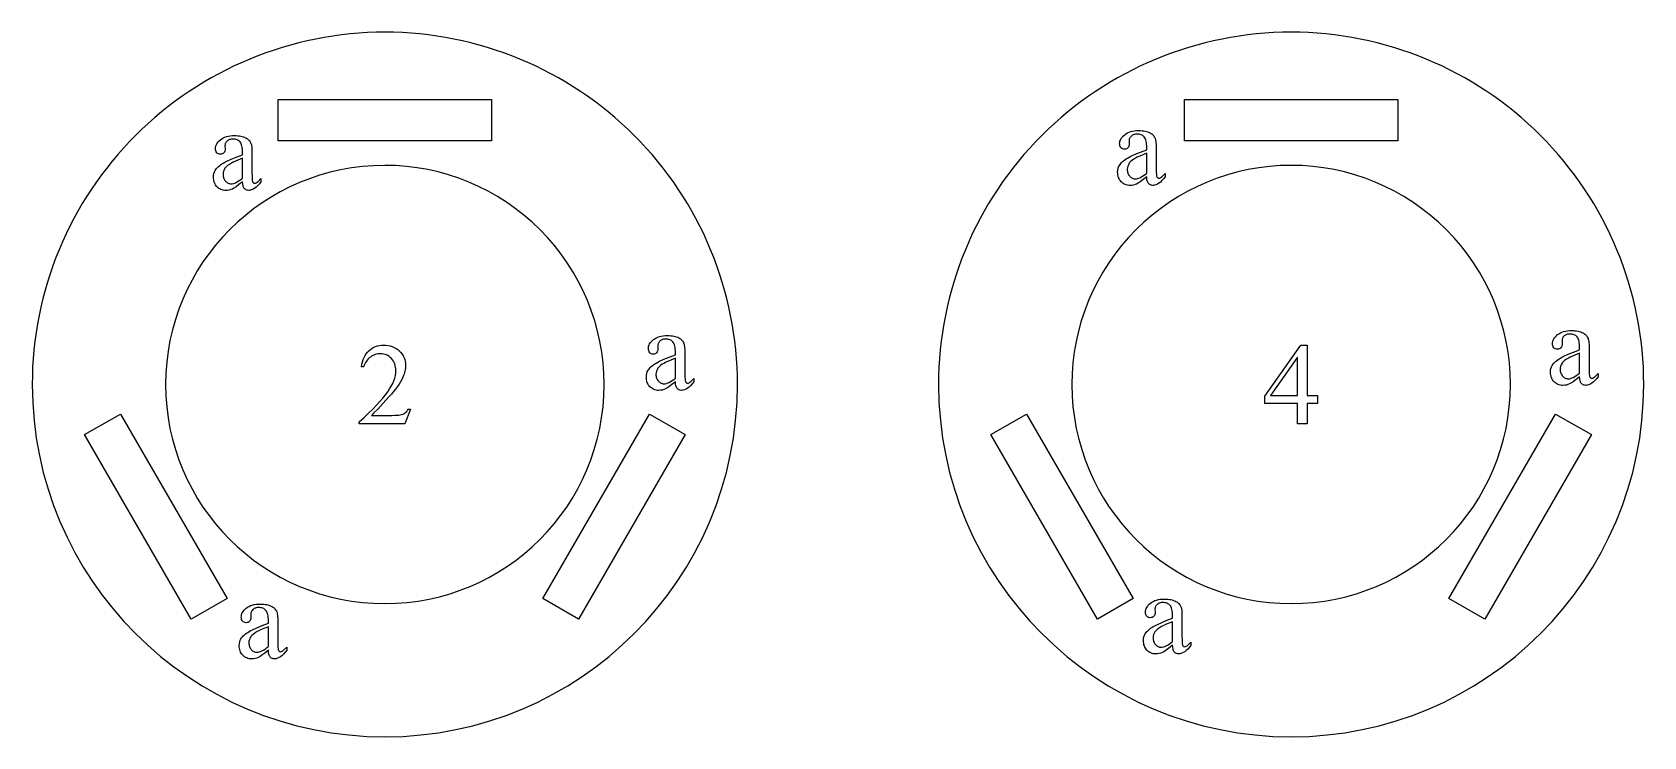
# Model space of a CAD drawing. Extents: x -27 to 581, y 232 to 579.
# Drawn here: x 164.7 to 284.6, y 231.6 to 284.1 of the extents above; entities that cross this region are included whole.
import ezdxf

# ---------------------------------------------------------------- set-up
doc = ezdxf.new("R2010")
doc.units = 0
doc.header["$MEASUREMENT"] = 0
doc.layers.get('0').update_dxf_attribs({"linetype": 'CONTINUOUS'})

msp = doc.modelspace()

# ---------------------------------------------------------------- linework, layer by layer
at = {"color": 5}
for points in [[(183.000031, 276.025452), (183.000031, 279.097443), (198.87204, 279.097443), (198.87204, 276.025452)], [(250.440475, 276.025452), (250.440475, 279.097443), (266.312469, 279.097443), (266.312469, 276.025452)], [(179.190872, 241.936676), (176.530441, 240.400681), (168.594437, 254.146225), (171.254868, 255.682236)], [(210.617203, 255.682236), (213.277634, 254.146225), (205.341629, 240.400681), (202.681198, 241.936676)], [(246.631317, 241.936676), (243.970886, 240.400681), (236.034882, 254.146225), (238.695313, 255.682236)], [(278.057648, 255.682236), (280.718079, 254.146225), (272.782074, 240.400681), (270.121643, 241.936676)]]:
    msp.add_lwpolyline(points, close=True, dxfattribs=at)
at = {"color": 18}
for points in [[(180.34816, 272.97644), (180.076569, 272.769379), (179.860718, 272.611145), (179.700638, 272.50177), (179.596298, 272.441223), (179.479752, 272.394775), (179.359482, 272.361572), (179.235504, 272.341675), (179.107803, 272.335052), (179.00914, 272.339355), (178.914932, 272.352295), (178.825165, 272.373871), (178.739838, 272.404053), (178.658966, 272.442902), (178.582535, 272.490356), (178.510559, 272.546448), (178.443024, 272.611145), (178.38179, 272.682892), (178.328735, 272.760071), (178.283829, 272.842712), (178.247101, 272.930786), (178.218521, 273.024323), (178.198105, 273.12326), (178.185867, 273.227661), (178.181778, 273.337524), (178.189743, 273.475037), (178.213638, 273.602997), (178.253464, 273.721405), (178.309219, 273.830261), (178.356766, 273.901947), (178.412354, 273.972565), (178.475983, 274.042114), (178.547623, 274.110626), (178.627304, 274.17804), (178.715012, 274.244415), (178.81076, 274.309723), (178.91452, 274.373962), (179.031235, 274.439423), (179.165817, 274.508301), (179.48851, 274.656464), (179.882629, 274.81842), (180.34816, 274.994141), (180.34816, 275.147095), (180.345276, 275.286865), (180.336609, 275.415222), (180.322174, 275.532166), (180.301956, 275.637695), (180.27597, 275.731812), (180.244217, 275.814514), (180.20668, 275.885803), (180.163376, 275.945679), (180.114563, 275.996429), (180.060501, 276.040436), (180.00119, 276.077667), (179.936646, 276.108154), (179.866867, 276.131836), (179.791824, 276.148743), (179.711548, 276.158905), (179.626038, 276.162292), (179.49913, 276.153259), (179.440857, 276.141998), (179.386032, 276.12619), (179.334656, 276.105896), (179.286743, 276.081055), (179.242264, 276.051727), (179.201248, 276.017883), (179.13063, 275.942993), (179.10289, 275.903564), (179.080185, 275.862823), (179.062531, 275.82074), (179.049927, 275.777344), (179.042358, 275.732605), (179.039841, 275.686554), (179.04834, 275.440186), (179.042099, 275.348053), (179.023376, 275.26709), (178.992188, 275.197266), (178.948517, 275.13858), (178.894745, 275.092133), (178.833282, 275.058929), (178.76413, 275.039032), (178.687271, 275.032379), (178.612274, 275.039307), (178.544434, 275.059998), (178.48378, 275.094513), (178.430283, 275.142822), (178.386612, 275.203094), (178.355408, 275.273438), (178.3367, 275.353882), (178.33046, 275.444427), (178.336304, 275.534821), (178.353821, 275.623352), (178.383026, 275.710052), (178.423904, 275.794861), (178.476471, 275.877838), (178.540726, 275.958923), (178.616653, 276.038177), (178.704254, 276.11557), (178.802429, 276.187256), (178.910019, 276.24939), (179.027023, 276.301941), (179.153473, 276.344971), (179.289322, 276.378418), (179.434616, 276.402283), (179.589325, 276.416626), (179.753464, 276.421417), (179.880096, 276.418701), (180.0009, 276.410522), (180.11586, 276.396912), (180.224976, 276.377869), (180.328247, 276.353394), (180.425674, 276.323456), (180.517273, 276.288086), (180.603027, 276.247253), (180.66362, 276.212006), (180.720108, 276.172119), (180.772476, 276.127594), (180.820724, 276.0784), (180.864853, 276.024567), (180.904877, 275.966095), (180.940796, 275.902985), (180.97258, 275.835205), (180.990494, 275.783569), (181.006027, 275.720001), (181.029922, 275.557007), (181.044266, 275.346191), (181.049042, 275.087616), (181.049042, 273.766541), (181.054352, 273.317871), (181.060989, 273.174377), (181.070282, 273.084778), (181.082626, 273.027283), (181.098419, 272.980164), (181.117676, 272.94342), (181.140366, 272.916992), (181.165726, 272.898407), (181.192932, 272.885132), (181.222, 272.877167), (181.25293, 272.874512), (181.31665, 272.881958), (181.371872, 272.904236), (181.426834, 272.944336), (181.502487, 273.009369), (181.715942, 273.214325), (181.715942, 272.97644), (181.597672, 272.827118), (181.480728, 272.697693), (181.365097, 272.588196), (181.250809, 272.498596), (181.137848, 272.428894), (181.026215, 272.37912), (180.915894, 272.349243), (180.861237, 272.341797), (180.806915, 272.339294), (180.70816, 272.348328), (180.66275, 272.359589), (180.62001, 272.375397), (180.579926, 272.395691), (180.542496, 272.420532), (180.507706, 272.44986), (180.475586, 272.483704), (180.446655, 272.52301), (180.421432, 272.568665), (180.399933, 272.620697), (180.382141, 272.679108), (180.357712, 272.815033)], [(247.632706, 273.348206), (247.361115, 273.141113), (247.145264, 272.98288), (246.985184, 272.873505), (246.880844, 272.812988), (246.764297, 272.76651), (246.644028, 272.733337), (246.52005, 272.713409), (246.392349, 272.706787), (246.293686, 272.71109), (246.199463, 272.72403), (246.109695, 272.745605), (246.024384, 272.775818), (245.943512, 272.814636), (245.867081, 272.862091), (245.795105, 272.918182), (245.72757, 272.98288), (245.666336, 273.054626), (245.613281, 273.131836), (245.568375, 273.214447), (245.531631, 273.302521), (245.503067, 273.396057), (245.482651, 273.494995), (245.470413, 273.599426), (245.466324, 273.709259), (245.474289, 273.846771), (245.498184, 273.974731), (245.53801, 274.09314), (245.593765, 274.201996), (245.641312, 274.273682), (245.696899, 274.344299), (245.760513, 274.413849), (245.832169, 274.482361), (245.91185, 274.549805), (245.999557, 274.61615), (246.095306, 274.681458), (246.199066, 274.745728), (246.315781, 274.811157), (246.450348, 274.880066), (246.773056, 275.028198), (247.167175, 275.190125), (247.632706, 275.365906), (247.632706, 275.518799), (247.629807, 275.6586), (247.621155, 275.786957), (247.60672, 275.9039), (247.586502, 276.00943), (247.560516, 276.103546), (247.528763, 276.186249), (247.491226, 276.257538), (247.447922, 276.317383), (247.399109, 276.368164), (247.345047, 276.41217), (247.285736, 276.449402), (247.221191, 276.479858), (247.151413, 276.503571), (247.07637, 276.520508), (246.996094, 276.53064), (246.910583, 276.534027), (246.783676, 276.525024), (246.725403, 276.513733), (246.670578, 276.497925), (246.619202, 276.477631), (246.571289, 276.452789), (246.52681, 276.423462), (246.485794, 276.389618), (246.415176, 276.314758), (246.387436, 276.27533), (246.364731, 276.234558), (246.347076, 276.192505), (246.334473, 276.149078), (246.326904, 276.10434), (246.324387, 276.058289), (246.33287, 275.81192), (246.326645, 275.719788), (246.307922, 275.638824), (246.276733, 275.569), (246.233047, 275.510315), (246.179291, 275.463867), (246.117828, 275.430664), (246.048676, 275.410767), (245.971817, 275.404114), (245.89682, 275.411011), (245.828979, 275.431732), (245.768326, 275.466248), (245.714828, 275.514557), (245.671158, 275.574829), (245.639954, 275.645203), (245.621246, 275.725647), (245.615005, 275.816162), (245.620834, 275.906555), (245.638367, 275.995117), (245.667572, 276.081787), (245.70845, 276.166595), (245.761017, 276.249573), (245.825272, 276.330688), (245.901199, 276.409912), (245.9888, 276.487305), (246.086975, 276.55899), (246.194565, 276.621124), (246.311569, 276.673676), (246.438004, 276.716675), (246.573868, 276.750153), (246.719162, 276.774048), (246.873871, 276.788391), (247.03801, 276.793152), (247.164642, 276.790436), (247.285446, 276.782257), (247.400406, 276.768677), (247.509521, 276.749603), (247.612793, 276.725128), (247.71022, 276.69519), (247.801819, 276.659821), (247.887573, 276.618988), (247.948166, 276.58374), (248.004654, 276.543854), (248.057007, 276.499329), (248.10527, 276.450134), (248.149399, 276.396301), (248.189423, 276.33783), (248.225327, 276.274719), (248.257126, 276.20697), (248.27504, 276.155334), (248.290573, 276.091736), (248.314468, 275.928711), (248.328812, 275.717926), (248.333588, 275.459351), (248.333588, 274.138275), (248.338898, 273.689606), (248.345535, 273.546112), (248.354828, 273.456512), (248.367172, 273.399048), (248.382965, 273.351929), (248.402206, 273.315125), (248.424911, 273.288727), (248.450272, 273.270142), (248.477478, 273.256866), (248.506546, 273.248901), (248.537476, 273.246246), (248.601196, 273.253693), (248.656418, 273.276001), (248.71138, 273.316071), (248.787033, 273.381104), (249.000488, 273.58606), (249.000488, 273.348206), (248.882217, 273.198853), (248.765274, 273.069427), (248.649643, 272.95993), (248.535355, 272.870331), (248.422394, 272.800629), (248.31076, 272.750854), (248.200439, 272.720978), (248.145782, 272.713501), (248.091461, 272.711029), (247.992706, 272.720062), (247.947296, 272.731323), (247.904556, 272.747131), (247.864471, 272.767456), (247.827042, 272.792267), (247.792252, 272.821594), (247.760132, 272.855469), (247.731201, 272.894745), (247.705978, 272.940399), (247.684464, 272.992432), (247.666687, 273.050842), (247.642258, 273.186768)], [(180.34816, 273.252563), (180.34816, 274.735046), (179.820374, 274.517334), (179.641693, 274.436371), (179.519836, 274.373962), (179.363998, 274.27948), (179.232056, 274.182831), (179.123993, 274.084076), (179.078934, 274.033875), (179.039841, 273.983185), (178.976654, 273.878845), (178.931519, 273.769714), (178.904434, 273.655823), (178.895416, 273.53717), (178.89827, 273.462341), (178.90683, 273.390747), (178.921097, 273.322418), (178.941071, 273.257324), (178.966766, 273.195526), (178.998154, 273.136963), (179.035263, 273.081635), (179.078064, 273.029541), (179.124588, 272.982269), (179.172852, 272.941284), (179.222824, 272.906616), (179.274521, 272.878235), (179.327957, 272.85614), (179.383118, 272.840393), (179.439987, 272.830933), (179.498596, 272.827789), (179.582489, 272.834412), (179.67276, 272.85434), (179.769394, 272.887512), (179.872406, 272.93399), (179.981781, 272.993713), (180.097534, 273.066711), (180.219666, 273.153015)], [(247.632706, 273.624298), (247.632706, 275.106781), (247.104919, 274.889099), (246.926239, 274.808105), (246.804382, 274.745728), (246.648544, 274.651215), (246.516586, 274.554565), (246.408539, 274.455811), (246.36348, 274.40564), (246.324387, 274.354919), (246.2612, 274.25058), (246.216064, 274.141479), (246.18898, 274.027588), (246.179962, 273.908905), (246.182816, 273.834076), (246.191376, 273.762482), (246.205643, 273.694153), (246.225616, 273.629089), (246.251312, 273.567261), (246.2827, 273.508667), (246.319809, 273.453369), (246.36261, 273.401306), (246.409134, 273.354004), (246.457397, 273.313019), (246.50737, 273.27832), (246.559067, 273.249969), (246.612503, 273.227905), (246.667648, 273.212128), (246.724533, 273.202667), (246.783142, 273.199524), (246.867035, 273.206177), (246.957306, 273.226074), (247.05394, 273.259247), (247.156952, 273.305725), (247.266327, 273.365448), (247.38208, 273.438477), (247.504211, 273.52475)], [(212.561462, 258.08316), (212.289871, 257.876068), (212.074036, 257.717834), (211.91394, 257.608459), (211.809616, 257.547913), (211.693054, 257.501465), (211.5728, 257.468292), (211.448807, 257.448364), (211.321121, 257.441742), (211.222458, 257.446045), (211.128235, 257.458984), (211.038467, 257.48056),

________________

Copy out each line of the data above, exactly, if it lies between the line holding "import ezdxf" and the line holding "msp = doc.modelspace()", inclusive; copy no other line.

Reply:
import ezdxf

# ---------------------------------------------------------------- set-up
doc = ezdxf.new("R2010")
doc.units = 0
doc.header["$MEASUREMENT"] = 0
doc.layers.get('0').update_dxf_attribs({"linetype": 'CONTINUOUS'})

msp = doc.modelspace()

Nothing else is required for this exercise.